EXERCISE ▸ Copy out every entry that follows, without a single picture.

Records drawn from a dataset
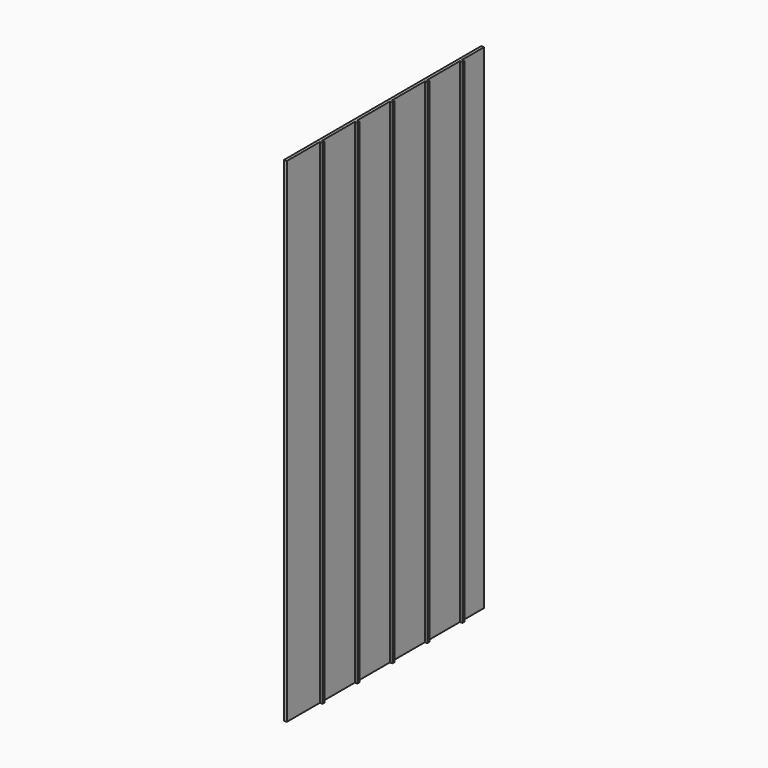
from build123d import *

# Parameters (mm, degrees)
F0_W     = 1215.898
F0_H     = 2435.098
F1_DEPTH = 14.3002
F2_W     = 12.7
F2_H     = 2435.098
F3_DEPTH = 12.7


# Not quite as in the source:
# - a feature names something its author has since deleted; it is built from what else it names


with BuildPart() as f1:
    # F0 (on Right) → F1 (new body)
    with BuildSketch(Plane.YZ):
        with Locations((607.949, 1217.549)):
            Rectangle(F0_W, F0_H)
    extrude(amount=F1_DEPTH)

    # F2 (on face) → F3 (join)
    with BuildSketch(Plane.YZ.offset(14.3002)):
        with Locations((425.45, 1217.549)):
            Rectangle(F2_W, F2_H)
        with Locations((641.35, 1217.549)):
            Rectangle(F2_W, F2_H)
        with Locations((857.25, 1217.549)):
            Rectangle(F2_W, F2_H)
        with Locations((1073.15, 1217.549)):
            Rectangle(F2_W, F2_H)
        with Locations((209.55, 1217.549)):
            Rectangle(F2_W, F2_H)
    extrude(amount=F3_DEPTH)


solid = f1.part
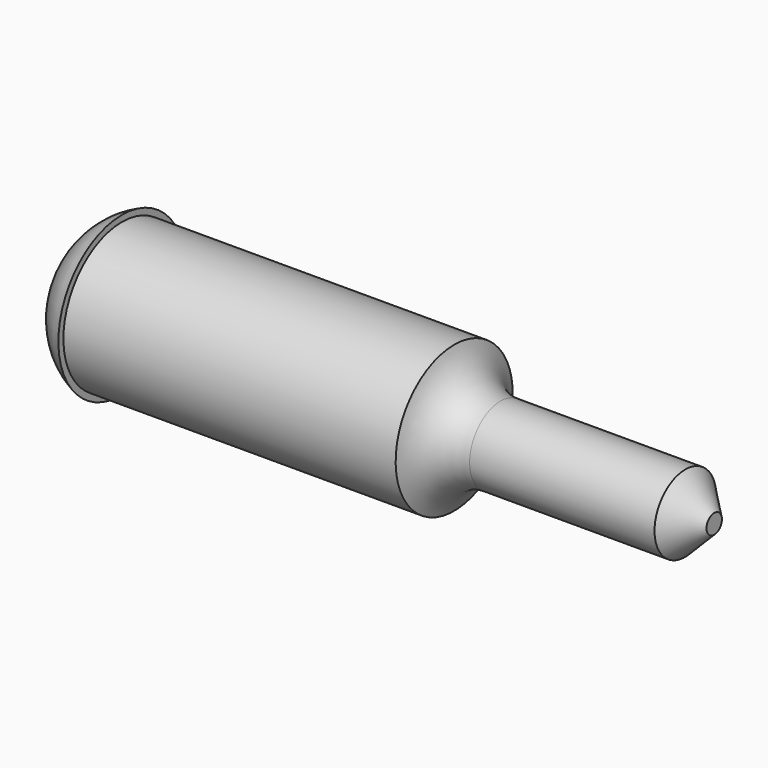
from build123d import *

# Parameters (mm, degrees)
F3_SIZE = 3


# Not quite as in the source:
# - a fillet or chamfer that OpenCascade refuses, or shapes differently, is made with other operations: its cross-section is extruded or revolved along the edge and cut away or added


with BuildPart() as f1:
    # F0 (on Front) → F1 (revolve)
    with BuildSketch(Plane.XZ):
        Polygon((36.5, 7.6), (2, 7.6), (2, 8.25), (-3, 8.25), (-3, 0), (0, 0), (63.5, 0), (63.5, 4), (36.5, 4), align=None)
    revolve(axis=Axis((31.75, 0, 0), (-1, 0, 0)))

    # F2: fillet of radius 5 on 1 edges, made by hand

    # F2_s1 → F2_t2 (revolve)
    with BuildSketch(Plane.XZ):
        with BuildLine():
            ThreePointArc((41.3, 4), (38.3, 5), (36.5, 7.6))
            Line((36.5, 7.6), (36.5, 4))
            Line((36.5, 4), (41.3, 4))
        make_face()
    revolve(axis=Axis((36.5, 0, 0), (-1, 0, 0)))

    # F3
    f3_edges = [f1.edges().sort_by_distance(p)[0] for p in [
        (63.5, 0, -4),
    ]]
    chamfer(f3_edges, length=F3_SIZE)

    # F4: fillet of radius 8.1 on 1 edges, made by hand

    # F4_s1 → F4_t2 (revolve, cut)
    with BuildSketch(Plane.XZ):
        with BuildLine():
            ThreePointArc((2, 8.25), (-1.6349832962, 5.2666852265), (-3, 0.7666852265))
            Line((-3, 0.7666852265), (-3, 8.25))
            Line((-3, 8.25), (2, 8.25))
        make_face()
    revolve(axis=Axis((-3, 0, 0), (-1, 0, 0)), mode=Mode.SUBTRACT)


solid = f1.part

EXERCISE ANSWER ▸
from build123d import *

# Parameters (mm, degrees)
F0_W     = 1215.898
F0_H     = 2435.098
F1_DEPTH = 14.3002
F2_W     = 12.7
F2_H     = 2435.098
F3_DEPTH = 12.7


# Not quite as in the source:
# - a feature names something its author has since deleted; it is built from what else it names


with BuildPart() as f1:
    # F0 (on Right) → F1 (new body)
    with BuildSketch(Plane.YZ):
        with Locations((607.949, 1217.549)):
            Rectangle(F0_W, F0_H)
    extrude(amount=F1_DEPTH)

    # F2 (on face) → F3 (join)
    with BuildSketch(Plane.YZ.offset(14.3002)):
        with Locations((425.45, 1217.549)):
            Rectangle(F2_W, F2_H)
        with Locations((641.35, 1217.549)):
            Rectangle(F2_W, F2_H)
        with Locations((857.25, 1217.549)):
            Rectangle(F2_W, F2_H)
        with Locations((1073.15, 1217.549)):
            Rectangle(F2_W, F2_H)
        with Locations((209.55, 1217.549)):
            Rectangle(F2_W, F2_H)
    extrude(amount=F3_DEPTH)


solid = f1.part
from build123d import *

# Parameters (mm, degrees)
F3_SIZE = 3


# Not quite as in the source:
# - a fillet or chamfer that OpenCascade refuses, or shapes differently, is made with other operations: its cross-section is extruded or revolved along the edge and cut away or added


with BuildPart() as f1:
    # F0 (on Front) → F1 (revolve)
    with BuildSketch(Plane.XZ):
        Polygon((36.5, 7.6), (2, 7.6), (2, 8.25), (-3, 8.25), (-3, 0), (0, 0), (63.5, 0), (63.5, 4), (36.5, 4), align=None)
    revolve(axis=Axis((31.75, 0, 0), (-1, 0, 0)))

    # F2: fillet of radius 5 on 1 edges, made by hand

    # F2_s1 → F2_t2 (revolve)
    with BuildSketch(Plane.XZ):
        with BuildLine():
            ThreePointArc((41.3, 4), (38.3, 5), (36.5, 7.6))
            Line((36.5, 7.6), (36.5, 4))
            Line((36.5, 4), (41.3, 4))
        make_face()
    revolve(axis=Axis((36.5, 0, 0), (-1, 0, 0)))

    # F3
    f3_edges = [f1.edges().sort_by_distance(p)[0] for p in [
        (63.5, 0, -4),
    ]]
    chamfer(f3_edges, length=F3_SIZE)

    # F4: fillet of radius 8.1 on 1 edges, made by hand

    # F4_s1 → F4_t2 (revolve, cut)
    with BuildSketch(Plane.XZ):
        with BuildLine():
            ThreePointArc((2, 8.25), (-1.6349832962, 5.2666852265), (-3, 0.7666852265))
            Line((-3, 0.7666852265), (-3, 8.25))
            Line((-3, 8.25), (2, 8.25))
        make_face()
    revolve(axis=Axis((-3, 0, 0), (-1, 0, 0)), mode=Mode.SUBTRACT)


solid = f1.part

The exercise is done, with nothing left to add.